The FIFA World Cup is the first test. It is mass-market, aspirational, youth-facing, and pan-regional precisely the profile for which ZEE5’s regional architecture was built. If Zee delivers strong numbers across both linear and digital, it validates not just the FIFA deal but the entire integrated model. If it does not, the sceptics — and in Indian media, there is no shortage will be merciless.
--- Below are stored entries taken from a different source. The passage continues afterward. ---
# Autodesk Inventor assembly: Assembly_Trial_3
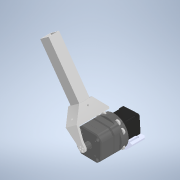
[picture p0: Inventor's stored thumbnail of the model, 180x180]
Saved by Autodesk Inventor 2022 (Build 260153000, 153)
## iProperties
Created: 2022-01-15
Part Number: Assembly_Trial_3
Document SubType Name: Assembly
Designer: Mlees
Author: Mlees
## Documents named in this file (18)
- C:\Users\Mlees\Desktop\504Engineering\Stepper-Servo_Based_Robotic_Arm\Assembly_Trial_3.iam
- C:\Users\Mlees\Desktop\504Engineering\Stepper-Servo_Based_Robotic_Arm\Downloaded Parts\nema17-speed-reducer-1.snapshot.9\24_Teeth_Sun_Gear.step.ipt
- C:\Users\Mlees\Desktop\504Engineering\Stepper-Servo_Based_Robotic_Arm\Downloaded Parts\nema17-speed-reducer-1.snapshot.9\36_Teeth_Planet_Gear.step.ipt
- C:\Users\Mlees\Desktop\504Engineering\Stepper-Servo_Based_Robotic_Arm\Downloaded Parts\nema17-speed-reducer-1.snapshot.9\96_Teeth_Gear.step.ipt
- C:\Users\Mlees\Desktop\504Engineering\Stepper-Servo_Based_Robotic_Arm\Downloaded Parts\nema17-speed-reducer-1.snapshot.9\Gear_Cover.ipt
- C:\Users\Mlees\Desktop\504Engineering\Stepper-Servo_Based_Robotic_Arm\Downloaded Parts\nema17-speed-reducer-1.snapshot.9\Plamet_Carrier.ipt
- C:\Users\Mlees\Desktop\504Engineering\Stepper-Servo_Based_Robotic_Arm\Downloaded Parts\90751A113_18-8 Stainless Steel Socket Head Screws.ipt
- C:\Users\Mlees\Desktop\504Engineering\Stepper-Servo_Based_Robotic_Arm\Downloaded Parts\nema-17-motor-mount-1.snapshot.1\NEMA_17_Bracket.ipt
- C:\Users\Mlees\Desktop\504Engineering\Stepper-Servo_Based_Robotic_Arm\Downloaded Parts\nema17-speed-reducer-1.snapshot.9\Thread Insert M3 x 6mm v2.step.iam
- C:\Users\Mlees\Desktop\504Engineering\Stepper-Servo_Based_Robotic_Arm\Downloaded Parts\Harmonic_Drive\Nema 17.ipt
- C:\Users\Mlees\Desktop\504Engineering\Stepper-Servo_Based_Robotic_Arm\Downloaded Parts\nema17-speed-reducer-1.snapshot.9\Gear_Cover_modified.ipt
- C:\Users\Mlees\Desktop\504Engineering\Stepper-Servo_Based_Robotic_Arm\Downloaded Parts\nema17-speed-reducer-1.snapshot.9\Plamet_Carrier_modified.ipt
- C:\Users\Mlees\Desktop\504Engineering\Stepper-Servo_Based_Robotic_Arm\Created Parts\OutPut_Shaft_From_Gearbox.ipt
- C:\Users\Mlees\Desktop\504Engineering\Stepper-Servo_Based_Robotic_Arm\Created Parts\604-2R2_Bearing4668K221_Permanently Lubricated Stainless Steel Ball Bearing.ipt
- C:\Users\Mlees\Desktop\504Engineering\Stepper-Servo_Based_Robotic_Arm\Downloaded Parts\nema17-speed-reducer-1.snapshot.9\96_Teeth_Gear.step_modified_bearings.ipt
- C:\Users\Mlees\Desktop\504Engineering\Stepper-Servo_Based_Robotic_Arm\Downloaded Parts\90666A106_Super-Corrosion-Resistant 316 Stainless Steel Socket Head Screw.ipt
- C:\Users\Mlees\Desktop\504Engineering\Stepper-Servo_Based_Robotic_Arm\Downloaded Parts\92855A844_18-8 Stainless Steel Low-Profile Socket Head Screws.ipt
- C:\Users\Mlees\Desktop\504Engineering\Stepper-Servo_Based_Robotic_Arm\Created Parts\Metal_Bone.ipt
## Components (50 placed, 17 different names)
1. 24_Teeth_Sun_Gear.step:1 — Rotational:11, Rotational:40
2. 36_Teeth_Planet_Gear.step:1 — Rotational:38
3. Gear_Cover:1 — Rigid:17, Rigid:18
4. Plamet_Carrier:1 — Rotational:37, Rotational:38, Rotational:39, Rotational:40, Rotational:41
5. 90751A113_18-8 Stainless Steel Socket Head Screws:3 — Rotational:50
6. NEMA_17_Bracket:1 — Rigid:12, Rotational:20
7. 36_Teeth_Planet_Gear.step:2 — Rotational:39
8. 36_Teeth_Planet_Gear.step:4 — Rotational:37
9. Thread Insert M3 x 6mm v2.step:1 [sub-assembly] — Rigid:16
10. Thread Insert M3 x 6mm v2.step:2 [sub-assembly] — Rigid:15
11. Thread Insert M3 x 6mm v2.step:3 [sub-assembly] — Rigid:13
12. Thread Insert M3 x 6mm v2.step:4 [sub-assembly] — Rotational:55
13. 90751A113_18-8 Stainless Steel Socket Head Screws:4 — Rotational:42
14. 90751A113_18-8 Stainless Steel Socket Head Screws:5 — Rotational:52
15. 90751A113_18-8 Stainless Steel Socket Head Screws:6 — Rotational:53
16. 90751A113_18-8 Stainless Steel Socket Head Screws:7 — Rotational:44
17. Nema 17:1 — Rigid:12, Rotational:11
18. 96_Teeth_Gear.step:2 — Rotational:16, Rotational:17, Rotational:18, Rotational:19, Rigid:18, Rotational:42, Rotational:43, Rotational:44, Rotational:45, Rigid:19
19. Thread Insert M3 x 6mm v2.step:5 [sub-assembly] — Rotational:16
20. Thread Insert M3 x 6mm v2.step:6 [sub-assembly] — Rotational:18
21. Thread Insert M3 x 6mm v2.step:7 [sub-assembly] — Rotational:19
22. Thread Insert M3 x 6mm v2.step:8 [sub-assembly] — Rotational:17
23. 24_Teeth_Sun_Gear.step:2 — Rotational:41, Rotational:49
24. 36_Teeth_Planet_Gear.step:5 — Rotational:46
25. 36_Teeth_Planet_Gear.step:6 — Rotational:48
26. 36_Teeth_Planet_Gear.step:7 — Rotational:47
27. 90751A113_18-8 Stainless Steel Socket Head Screws:12 — Rotational:51
28. 90751A113_18-8 Stainless Steel Socket Head Screws:14 — Rotational:45
29. 90751A113_18-8 Stainless Steel Socket Head Screws:15 — Rotational:43
30. Gear_Cover_modified:1 — Rigid:19, Rotational:50, Rotational:51, Rotational:52, Rotational:53
31. Plamet_Carrier_modified:1 — Rotational:46, Rotational:47, Rotational:48, Rotational:49, Rotational:54
32. OutPut_Shaft_From_Gearbox:1 — Rotational:54, Rigid:20
33. 604-2R2_Bearing4668K221_Permanently Lubricated Stainless Steel Ball Bearing:1 — Rotational:24
34. 604-2R2_Bearing4668K221_Permanently Lubricated Stainless Steel Ball Bearing:2 — Rotational:23
35. 604-2R2_Bearing4668K221_Permanently Lubricated Stainless Steel Ball Bearing:3 — Rotational:22
36. 96_Teeth_Gear.step_modified_bearings:1 — Rotational:20, Rotational:21, Rotational:22, Rotational:23, Rotational:24, Rotational:25, Rotational:26, Rotational:27, Rotational:28, Rotational:29, Rotational:30, Rotational:31, Rotational:32, Rotational:33, Rotational:34, Rotational:35, Rotational:36, Rigid:13, Rigid:15, Rigid:16, Rigid:17, Rotational:55
37. 604-2R2_Bearing4668K221_Permanently Lubricated Stainless Steel Ball Bearing:4 — Rotational:25
38. 604-2R2_Bearing4668K221_Permanently Lubricated Stainless Steel Ball Bearing:5 — Rotational:21
39. 604-2R2_Bearing4668K221_Permanently Lubricated Stainless Steel Ball Bearing:6 — Rotational:26
40. 90666A106_Super-Corrosion-Resistant 316 Stainless Steel Socket Head Screw:1 — Rotational:27
41. 90666A106_Super-Corrosion-Resistant 316 Stainless Steel Socket Head Screw:2 — Rotational:31
42. 90666A106_Super-Corrosion-Resistant 316 Stainless Steel Socket Head Screw:3 — Rotational:32
43. 90666A106_Super-Corrosion-Resistant 316 Stainless Steel Socket Head Screw:4 — Rotational:30
44. 90666A106_Super-Corrosion-Resistant 316 Stainless Steel Socket Head Screw:5 — Rotational:29
45. 90666A106_Super-Corrosion-Resistant 316 Stainless Steel Socket Head Screw:6 — Rotational:28
46. 92855A844_18-8 Stainless Steel Low-Profile Socket Head Screws:1 — Rotational:33
47. 92855A844_18-8 Stainless Steel Low-Profile Socket Head Screws:2 — Rotational:34
48. 92855A844_18-8 Stainless Steel Low-Profile Socket Head Screws:3 — Rotational:35
49. 92855A844_18-8 Stainless Steel Low-Profile Socket Head Screws:4 — Rotational:36
50. Metal_Bone:1 — Rigid:20
## Relationships (49: RevoluteJoint 41, WeldJoint 8)
- Rigid:12 [WeldJoint]: NEMA_17_Bracket:1 ↔ Nema 17:1
- Rotational:11 [RevoluteJoint]: 24_Teeth_Sun_Gear.step:1 ↔ Nema 17:1
- Rotational:16 [RevoluteJoint]: 96_Teeth_Gear.step:2 ↔ Thread Insert M3 x 6mm v2.step:5
- Rotational:17 [RevoluteJoint]: 96_Teeth_Gear.step:2 ↔ Thread Insert M3 x 6mm v2.step:8
- Rotational:18 [RevoluteJoint]: 96_Teeth_Gear.step:2 ↔ Thread Insert M3 x 6mm v2.step:6
- Rotational:19 [RevoluteJoint]: 96_Teeth_Gear.step:2 ↔ Thread Insert M3 x 6mm v2.step:7
- Rotational:20 [RevoluteJoint]: NEMA_17_Bracket:1 ↔ 96_Teeth_Gear.step_modified_bearings:1
- Rotational:21 [RevoluteJoint] (-0.25 mm): 96_Teeth_Gear.step_modified_bearings:1 ↔ 604-2R2_Bearing4668K221_Permanently Lubricated Stainless Steel Ball Bearing:5
- Rotational:22 [RevoluteJoint] (-0.25 mm): 604-2R2_Bearing4668K221_Permanently Lubricated Stainless Steel Ball Bearing:3 ↔ 96_Teeth_Gear.step_modified_bearings:1
- Rotational:23 [RevoluteJoint] (-0.25 mm): 604-2R2_Bearing4668K221_Permanently Lubricated Stainless Steel Ball Bearing:2 ↔ 96_Teeth_Gear.step_modified_bearings:1
- Rotational:24 [RevoluteJoint] (-0.25 mm): 604-2R2_Bearing4668K221_Permanently Lubricated Stainless Steel Ball Bearing:1 ↔ 96_Teeth_Gear.step_modified_bearings:1
- Rotational:25 [RevoluteJoint] (-0.25 mm): 96_Teeth_Gear.step_modified_bearings:1 ↔ 604-2R2_Bearing4668K221_Permanently Lubricated Stainless Steel Ball Bearing:4
- Rotational:26 [RevoluteJoint] (-0.25 mm): 96_Teeth_Gear.step_modified_bearings:1 ↔ 604-2R2_Bearing4668K221_Permanently Lubricated Stainless Steel Ball Bearing:6
- Rotational:27 [RevoluteJoint]: 96_Teeth_Gear.step_modified_bearings:1 ↔ 90666A106_Super-Corrosion-Resistant 316 Stainless Steel Socket Head Screw:1
- Rotational:28 [RevoluteJoint]: 96_Teeth_Gear.step_modified_bearings:1 ↔ 90666A106_Super-Corrosion-Resistant 316 Stainless Steel Socket Head Screw:6
- Rotational:29 [RevoluteJoint]: 96_Teeth_Gear.step_modified_bearings:1 ↔ 90666A106_Super-Corrosion-Resistant 316 Stainless Steel Socket Head Screw:5
- Rotational:30 [RevoluteJoint]: 96_Teeth_Gear.step_modified_bearings:1 ↔ 90666A106_Super-Corrosion-Resistant 316 Stainless Steel Socket Head Screw:4
- Rotational:31 [RevoluteJoint]: 96_Teeth_Gear.step_modified_bearings:1 ↔ 90666A106_Super-Corrosion-Resistant 316 Stainless Steel Socket Head Screw:2
- Rotational:32 [RevoluteJoint]: 96_Teeth_Gear.step_modified_bearings:1 ↔ 90666A106_Super-Corrosion-Resistant 316 Stainless Steel Socket Head Screw:3
- Rotational:33 [RevoluteJoint]: 96_Teeth_Gear.step_modified_bearings:1 ↔ 92855A844_18-8 Stainless Steel Low-Profile Socket Head Screws:1
- Rotational:34 [RevoluteJoint]: 96_Teeth_Gear.step_modified_bearings:1 ↔ 92855A844_18-8 Stainless Steel Low-Profile Socket Head Screws:2
- Rotational:35 [RevoluteJoint]: 96_Teeth_Gear.step_modified_bearings:1 ↔ 92855A844_18-8 Stainless Steel Low-Profile Socket Head Screws:3
- Rotational:36 [RevoluteJoint]: 96_Teeth_Gear.step_modified_bearings:1 ↔ 92855A844_18-8 Stainless Steel Low-Profile Socket Head Screws:4
- Rigid:13 [WeldJoint]: Thread Insert M3 x 6mm v2.step:3 ↔ 96_Teeth_Gear.step_modified_bearings:1
- Rigid:15 [WeldJoint]: Thread Insert M3 x 6mm v2.step:2 ↔ 96_Teeth_Gear.step_modified_bearings:1
- Rigid:16 [WeldJoint]: Thread Insert M3 x 6mm v2.step:1 ↔ 96_Teeth_Gear.step_modified_bearings:1
- Rotational:37 [RevoluteJoint]: Plamet_Carrier:1 ↔ 36_Teeth_Planet_Gear.step:4
- Rotational:38 [RevoluteJoint]: 36_Teeth_Planet_Gear.step:1 ↔ Plamet_Carrier:1
- Rotational:39 [RevoluteJoint]: Plamet_Carrier:1 ↔ 36_Teeth_Planet_Gear.step:2
- Rotational:40 [RevoluteJoint]: 24_Teeth_Sun_Gear.step:1 ↔ Plamet_Carrier:1
- Rigid:17 [WeldJoint]: Gear_Cover:1 ↔ 96_Teeth_Gear.step_modified_bearings:1
- Rigid:18 [WeldJoint]: Gear_Cover:1 ↔ 96_Teeth_Gear.step:2
- Rotational:41 [RevoluteJoint]: Plamet_Carrier:1 ↔ 24_Teeth_Sun_Gear.step:2
- Rotational:42 [RevoluteJoint]: 90751A113_18-8 Stainless Steel Socket Head Screws:4 ↔ 96_Teeth_Gear.step:2
- Rotational:43 [RevoluteJoint]: 96_Teeth_Gear.step:2 ↔ 90751A113_18-8 Stainless Steel Socket Head Screws:15
- Rotational:44 [RevoluteJoint]: 90751A113_18-8 Stainless Steel Socket Head Screws:7 ↔ 96_Teeth_Gear.step:2
- Rotational:45 [RevoluteJoint]: 96_Teeth_Gear.step:2 ↔ 90751A113_18-8 Stainless Steel Socket Head Screws:14
- Rotational:46 [RevoluteJoint]: 36_Teeth_Planet_Gear.step:5 ↔ Plamet_Carrier_modified:1
- Rotational:47 [RevoluteJoint]: 36_Teeth_Planet_Gear.step:7 ↔ Plamet_Carrier_modified:1
- Rotational:48 [RevoluteJoint]: 36_Teeth_Planet_Gear.step:6 ↔ Plamet_Carrier_modified:1
- Rotational:49 [RevoluteJoint]: 24_Teeth_Sun_Gear.step:2 ↔ Plamet_Carrier_modified:1
- Rigid:19 [WeldJoint]: 96_Teeth_Gear.step:2 ↔ Gear_Cover_modified:1
- Rotational:50 [RevoluteJoint]: 90751A113_18-8 Stainless Steel Socket Head Screws:3 ↔ Gear_Cover_modified:1
- Rotational:51 [RevoluteJoint]: 90751A113_18-8 Stainless Steel Socket Head Screws:12 ↔ Gear_Cover_modified:1
- Rotational:52 [RevoluteJoint]: 90751A113_18-8 Stainless Steel Socket Head Screws:5 ↔ Gear_Cover_modified:1
- Rotational:53 [RevoluteJoint]: 90751A113_18-8 Stainless Steel Socket Head Screws:6 ↔ Gear_Cover_modified:1
- Rotational:54 [RevoluteJoint]: Plamet_Carrier_modified:1 ↔ OutPut_Shaft_From_Gearbox:1
- Rotational:55 [RevoluteJoint]: Thread Insert M3 x 6mm v2.step:4 ↔ 96_Teeth_Gear.step_modified_bearings:1
- Rigid:20 [WeldJoint]: OutPut_Shaft_From_Gearbox:1 ↔ Metal_Bone:1

What is happening in Indian sports broadcasting is structural rebalancing, long overdue, in which the single-platform model of JioStar’s dominance gives way to a more competitive, more diversified ecosystem. Sony provides premium global sports at disciplined cost, with a digital strategy that turns rivals into revenue partners. DD Sports provides unmatched reach to the bottom of the market, where no subscription can compete with free. Zee, at its best, can fill the middle and the regional margins simultaneously, the Unite8 channels for the living room, Z5 for the small town, the local language, the first-generation football fan watching on a Rs 8,000 Android phone.
That is a genuinely different model from anything the Indian market has seen. It is also, given the RMG-driven collapse in cricket advertising and the growing impossibility of sustaining Rs 25,000-crore loss provisions, an arguably more sustainable one.
Global sports media spending is projected to grow from $65 billion in 2025 to more than $78 billion by 2030, but the era of winner-takes-all rights acquisition in India is over. What replaces it is a market where content quality, distribution intelligence, linguistic reach, and financial discipline matter as much as the size of the cheque written to a rights holder.
India’s billion-plus sports fans, those paying subscriptions in Mumbai, watching free on DD FreeDish in Meerut, streaming in Tamil in Madurai are not loyal to platforms. They are loyal to the sport. Whoever gives them the best seat, in their own language, at the fairest price, across the most screens, will win.
Zee, with Z5 in its corner, has more seats to offer than anyone yet realises.